The only thing better than a "Yes" is a quick "NO". When you are raising money, selling a customer, or trying to get a deal done, it is the long drawn out process that never ends that will kill you. It is the same thing with startups. Being successful is always the goal, but if it is going to fail...Fail fast.
The traditional model - When I first got involved in the startup world the typical path was to raise several rounds of VC money, take two or three years to develop a product, then raise more money to hire an enterprise sales force and go to market. Sales cycles were typically 9 to 18 months. It could be 5 years before you really knew if the company had a good chance of success.
Today a product can be built in a few weeks or months. Development tools are powerful, easy to use, and cheap. Infrastructure for hosting, storage, and bandwidth are inexpensive, scalable, reliable, and secure. Ten or fifteen years ago each startup built their own infrastructure at a cost of millions of dollars.
Who needs an enterprise sales force? Today you can get directly to your customers on the Internet. There are ready built e-commerce systems that can handle sales, credit cards, fulfillment, and shipping.

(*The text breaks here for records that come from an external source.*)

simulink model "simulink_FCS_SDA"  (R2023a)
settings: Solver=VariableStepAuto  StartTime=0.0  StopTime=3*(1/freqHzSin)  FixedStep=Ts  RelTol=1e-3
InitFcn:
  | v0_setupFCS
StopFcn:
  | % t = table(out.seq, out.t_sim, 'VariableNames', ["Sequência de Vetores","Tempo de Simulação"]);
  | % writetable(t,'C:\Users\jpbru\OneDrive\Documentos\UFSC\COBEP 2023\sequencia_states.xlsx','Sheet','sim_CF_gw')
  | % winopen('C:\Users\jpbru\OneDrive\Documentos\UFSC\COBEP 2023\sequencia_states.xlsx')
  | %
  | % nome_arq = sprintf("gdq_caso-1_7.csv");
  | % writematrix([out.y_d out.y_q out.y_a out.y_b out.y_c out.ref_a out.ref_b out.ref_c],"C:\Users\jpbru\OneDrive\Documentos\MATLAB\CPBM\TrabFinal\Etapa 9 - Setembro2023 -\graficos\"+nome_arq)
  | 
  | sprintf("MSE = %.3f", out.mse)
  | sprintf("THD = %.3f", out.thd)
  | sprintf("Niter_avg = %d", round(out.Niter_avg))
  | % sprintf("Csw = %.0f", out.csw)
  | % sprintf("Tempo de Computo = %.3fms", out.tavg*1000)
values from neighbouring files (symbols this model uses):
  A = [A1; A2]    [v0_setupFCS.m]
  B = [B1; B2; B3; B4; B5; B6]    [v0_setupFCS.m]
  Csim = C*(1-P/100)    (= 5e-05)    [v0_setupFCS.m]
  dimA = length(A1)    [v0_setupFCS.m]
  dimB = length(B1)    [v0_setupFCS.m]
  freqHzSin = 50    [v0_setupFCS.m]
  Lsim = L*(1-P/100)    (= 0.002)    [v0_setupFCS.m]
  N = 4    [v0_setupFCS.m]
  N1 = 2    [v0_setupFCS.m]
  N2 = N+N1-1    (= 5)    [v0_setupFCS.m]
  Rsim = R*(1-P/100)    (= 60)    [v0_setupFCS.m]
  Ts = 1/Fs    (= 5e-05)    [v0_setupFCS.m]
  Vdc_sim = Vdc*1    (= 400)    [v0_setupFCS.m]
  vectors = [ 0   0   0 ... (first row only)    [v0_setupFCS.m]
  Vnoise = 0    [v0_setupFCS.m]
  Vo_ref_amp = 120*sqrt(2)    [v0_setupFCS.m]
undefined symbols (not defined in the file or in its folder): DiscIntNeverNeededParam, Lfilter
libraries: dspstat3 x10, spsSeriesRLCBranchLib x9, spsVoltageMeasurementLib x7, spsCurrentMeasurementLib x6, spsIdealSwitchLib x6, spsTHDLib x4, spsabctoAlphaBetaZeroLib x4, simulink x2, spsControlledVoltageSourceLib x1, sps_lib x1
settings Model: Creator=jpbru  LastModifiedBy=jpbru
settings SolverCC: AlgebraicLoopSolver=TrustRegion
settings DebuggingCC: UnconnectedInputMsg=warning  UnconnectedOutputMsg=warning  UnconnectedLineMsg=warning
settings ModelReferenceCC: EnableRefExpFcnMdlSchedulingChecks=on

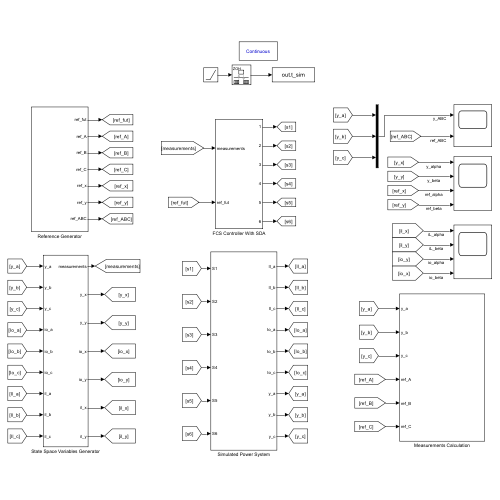
[thumbnail: Simulink's stored preview of the top-level diagram]
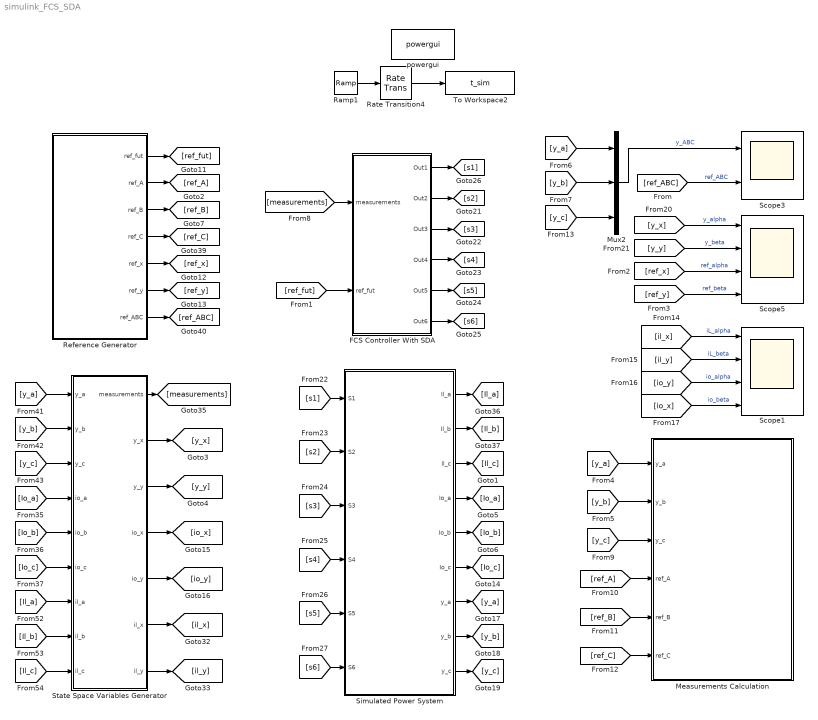
== system simulink_FCS_SDA ==
  FCS Controller With SDA : Subsystem
  Measurements Calculation : Subsystem
  Mux2 : Mux  Inputs=3
  Ramp1 : simulink/Sources/Ramp  slope=1  start=0  InitialOutput=0
  Rate Transition4 : RateTransition  OutPortSampleTime=Ts
  Reference Generator : Subsystem
  Scope1 : Scope  NumInputPorts=4
  Scope3 : Scope  NumInputPorts=2
  Scope5 : Scope  NumInputPorts=4
  Simulated Power System : Subsystem
  State Space Variables Generator : Subsystem
  To Workspace2 : ToWorkspace  VariableName=t_sim  SampleTime=Ts
      settings: Save2DSignal=2-D array (concatenate along first dimension)
  powergui : sps_lib/powergui  Priority=1  SimulationMode=Continuous  SampleTime=Ts  frequency=60  Iterations=50  frequencyindice=0  Pbase=100e6  ErrMax=1e-4  UnitsV=kV  UnitsW=MW  buscounter=0  FunctionMessages=off  echomessages=off  EnableUseOfTLC=off  CurrentSourceSwitches=off  DisableSnubberDevices=off  DisableRonSwitches=off  DisableVfSwitches=off  DisplayEquations=off  AutomaticDiscreteSolvers=off  SolverType=Tustin/Backward Euler (TBE)  Interpol=off  ExternalGateDelay=off  methode=off  Ts=100  x0status=blocks  SPID=on  SwTol=0  HookPort=off  NonlinearTolerance=1e-4  nMaxIteration=100  ContinueOnMaxIteration=off  RestoreLinks=warning  ResistiveCurrentMeasurement=off  Frange=[0:2:500]  Ylog=off  Xlog=on  ShowGrid=off  save=off  variable=ZData  structure=0  ZoomFFT=off  StartTime=0.0  cycles=1  DisplayStyle=1  fundamental=60  FreqAxis=off  MaxFrequency=1000  frequencyindicesteady=1  RmsSteady=1  display=off
  wires:
  [ref_y] -> Scope5/4  "ref_beta"
  [y_a] -> Mux2/1
  [y_b] -> Mux2/2
  [y_c] -> Mux2/3
  Mux2/1 -> Scope3/1  "y_ABC"
  [y_x] -> Scope5/1  "y_alpha"
  [y_y] -> Scope5/2  "y_beta"
  [ref_x] -> Scope5/3  "ref_alpha"
  Ramp1/1 -> Rate Transition4/1
  Rate Transition4/1 -> To Workspace2/1
  Reference Generator/1(ref_fut) -> [ref_fut]
  Reference Generator/2(ref_A) -> [ref_A]
  Reference Generator/3(ref_B) -> [ref_B]
  Reference Generator/4(ref_C) -> [ref_C]
  Reference Generator/6(ref_y) -> [ref_y]
  Reference Generator/5(ref_x) -> [ref_x]
  [y_a] -> State Space Variables Generator/1(y_a)
  [y_b] -> State Space Variables Generator/2(y_b)
  [y_c] -> State Space Variables Generator/3(y_c)
  [Io_a] -> State Space Variables Generator/4(io_a)
  [Io_b] -> State Space Variables Generator/5(io_b)
  [Io_c] -> State Space Variables Generator/6(io_c)
  [Il_a] -> State Space Variables Generator/7(il_a)
  [Il_b] -> State Space Variables Generator/8(il_b)
  [Il_c] -> State Space Variables Generator/9(il_c)
  State Space Variables Generator/1(measurements) -> [measurements]
  State Space Variables Generator/4(io_x) -> [io_x]
  State Space Variables Generator/5(io_y) -> [io_y]
  State Space Variables Generator/6(il_x) -> [il_x]
  State Space Variables Generator/7(il_y) -> [il_y]
  State Space Variables Generator/3(y_y) -> [y_y]
  State Space Variables Generator/2(y_x) -> [y_x]
  Reference Generator/7(ref_ABC) -> [ref_ABC]
  [ref_ABC] -> Scope3/2  "ref_ABC"
  [measurements] -> FCS Controller With SDA/1(measurements)
  [ref_fut] -> FCS Controller With SDA/2(ref_fut)
  FCS Controller With SDA/1(Out1) -> [s1]
  FCS Controller With SDA/2(Out2) -> [s2]
  FCS Controller With SDA/3(Out3) -> [s3]
  FCS Controller With SDA/4(Out4) -> [s4]
  FCS Controller With SDA/5(Out5) -> [s5]
  FCS Controller With SDA/6(Out6) -> [s6]
  [s1] -> Simulated Power System/1(S1)
  Simulated Power System/9(y_c) -> [y_c]
  Simulated Power System/8(y_b) -> [y_b]
  Simulated Power System/7(y_a) -> [y_a]
  [s2] -> Simulated Power System/2(S2)
  [s3] -> Simulated Power System/3(S3)
  [s4] -> Simulated Power System/4(S4)
  [s5] -> Simulated Power System/5(S5)
  [s6] -> Simulated Power System/6(S6)
  Simulated Power System/1(Il_a) -> [Il_a]
  Simulated Power System/2(Il_b) -> [Il_b]
  Simulated Power System/3(Il_c) -> [Il_c]
  Simulated Power System/4(Io_a) -> [Io_a]
  Simulated Power System/5(Io_b) -> [Io_b]
  Simulated Power System/6(Io_c) -> [Io_c]
  [ref_C] -> Measurements Calculation/6(ref_C)
  [ref_B] -> Measurements Calculation/5(ref_B)
  [ref_A] -> Measurements Calculation/4(ref_A)
  [y_c] -> Measurements Calculation/3(y_c)
  [y_b] -> Measurements Calculation/2(y_b)
  [y_a] -> Measurements Calculation/1(y_a)
  [il_x] -> Scope1/1  "iL_alpha"
  [il_y] -> Scope1/2  "iL_beta"
  [io_y] -> Scope1/3  "io_alpha"
  [io_x] -> Scope1/4  "io_beta"

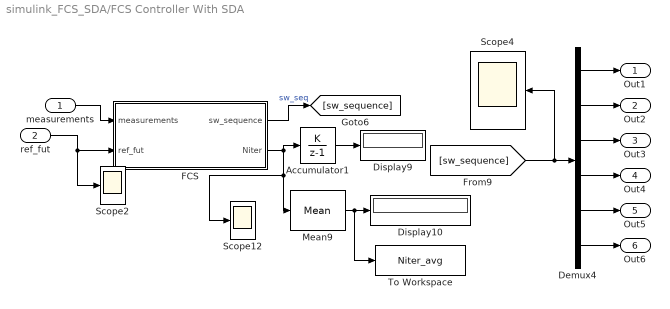
== system simulink_FCS_SDA/FCS Controller With SDA ==
  measurements : Inport
  ref_fut : Inport  Port=2
  Accumulator1 : DiscreteIntegrator  IntegratorMethod=Accumulation: Forward Euler  SampleTime=Ts  ICPrevOutput=DiscIntNeverNeededParam  ICPrevScaledInput=DiscIntNeverNeededParam
  Demux4 : Demux  Outputs=6
  Display10 : Display
  Display9 : Display
  FCS : MATLAB Function  TreatAsAtomicUnit=on  SystemSampleTime=Ts
  Mean9 : dspstat3/Mean  run=on  reset_popup=None  directionMode=Each column  dimension=1  roiEnable=off  roiType=Rectangles  roiPortion=Entire ROI  roiOutput=Individual statistics for each ROI  roiFlag=off  roundingMode=Floor  overflowMode=off  outputDataTypeStr=Inherit: Same as accumulator  outputMin=[]  outputMax=[]  outputLastDataTypeStr=Inherit: Same as accumulator
  Scope12 : Scope
  Scope2 : Scope
  Scope4 : Scope
  To Workspace : ToWorkspace  VariableName=Niter_avg  SampleTime=-1
      settings: MaxDataPoints=1
  Out1 : Outport
  Out2 : Outport  Port=2
  Out3 : Outport  Port=3
  Out4 : Outport  Port=4
  Out5 : Outport  Port=5
  Out6 : Outport  Port=6
  wires:
  Demux4/5 -> Out5/1
  [sw_sequence] -> Scope4/1, Demux4/1
  FCS/1(sw_sequence) -> [sw_sequence]  "sw_seq"
  Demux4/1 -> Out1/1
  FCS/2(Niter) -> Accumulator1/1, Scope12/1, Mean9/1
  ref_fut/1 -> Scope2/1, FCS/2(ref_fut)
  Mean9/1 -> To Workspace/1, Display10/1
  Accumulator1/1 -> Display9/1
  measurements/1 -> FCS/1(measurements)
  Demux4/3 -> Out3/1
  Demux4/2 -> Out2/1
  Demux4/6 -> Out6/1
  Demux4/4 -> Out4/1

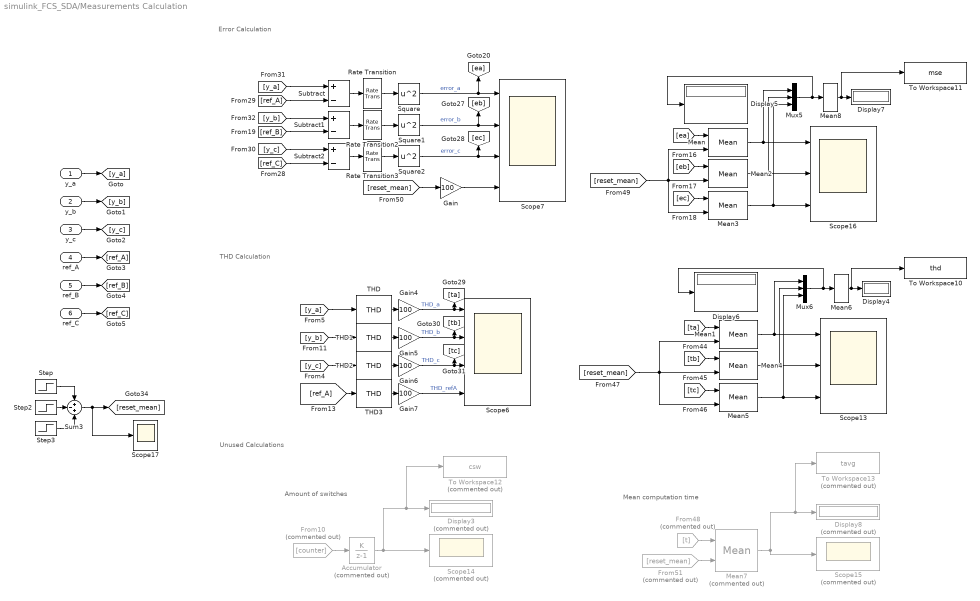
== system simulink_FCS_SDA/Measurements Calculation ==
  note: Unused Calculations
  note: THD Calculation
  note: Error Calculation
  note: Mean computation time
  note: Amount of switches
  y_a : Inport
  y_b : Inport  Port=2
  y_c : Inport  Port=3
  ref_A : Inport  Port=4
  ref_B : Inport  Port=5
  ref_C : Inport  Port=6
  Accumulator : DiscreteIntegrator  Commented=on  IntegratorMethod=Accumulation: Forward Euler  SampleTime=-1  ICPrevOutput=DiscIntNeverNeededParam  ICPrevScaledInput=DiscIntNeverNeededParam
  Display3 : Display  Commented=on
  Display{4..7} (4 alike) : Display
  Display8 : Display  Commented=on
      settings: Format=short_e
  From10 : From  Commented=on  GotoTag=counter
  From48 : From  Commented=on  GotoTag=t
  From51 : From  Commented=on  GotoTag=reset_mean
  Gain{,4..7} (5 alike) : Gain  Gain=100
  Mean{,1..5} (6 alike) : dspstat3/Mean  run=on  reset_popup=Rising edge  directionMode=Each column  dimension=1  roiEnable=off  roiType=Rectangles  roiPortion=Entire ROI  roiOutput=Individual statistics for each ROI  roiFlag=off  roundingMode=Floor  overflowMode=off  outputDataTypeStr=Inherit: Same as accumulator  outputMin=[]  outputMax=[]  outputLastDataTypeStr=Inherit: Same as accumulator
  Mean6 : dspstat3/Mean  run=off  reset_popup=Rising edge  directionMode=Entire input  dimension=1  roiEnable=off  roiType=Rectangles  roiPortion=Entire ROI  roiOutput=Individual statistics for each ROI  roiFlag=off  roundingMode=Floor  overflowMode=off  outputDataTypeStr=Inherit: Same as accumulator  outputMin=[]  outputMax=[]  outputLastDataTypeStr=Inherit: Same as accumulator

The advertising revenue model has created a whole new class of businesses that don't need a sales force. The product or service is free. No customer acquisition cost. The revenues come from advertising and sponsorships.
Double Down or Fold? - All of this amazing technology and infrastructure doesn't guarantee success. Far from it. As Paul Graham says in his post "The Future of Web Startups"
If it gets easier to start a startup, it's easier for competitors too. That doesn't erase the advantage of increased cheapness, however. You're not all playing a zero-sum game. There's not some fixed number of startups that can succeed, regardless of how many are started.
There are more startups than ever before, and more competition. However, the good thing is you will know pretty quickly if your product idea is hot or not. You can get a beta product launched and start getting user feedback within a few months. To use a poker analogy, you can decide very early whether to "double down" or fold.
OK, I have 400,000 users, now what? You might remember a story I did about "Where I've Been", the Facebook App that grew incredibly fast. Lots of users but no business model or revenues. They actually figured it out and are now generating revenues.
Yes doesn't guarantee success, but No avoids wasting time. - So getting to a quick NO is good. Getting user feedback early and often allows you to dump bad ideas early and redeploy onto another better idea. Yes can mean lots of users, but you still need to solve the business/revenue model before declaring victory.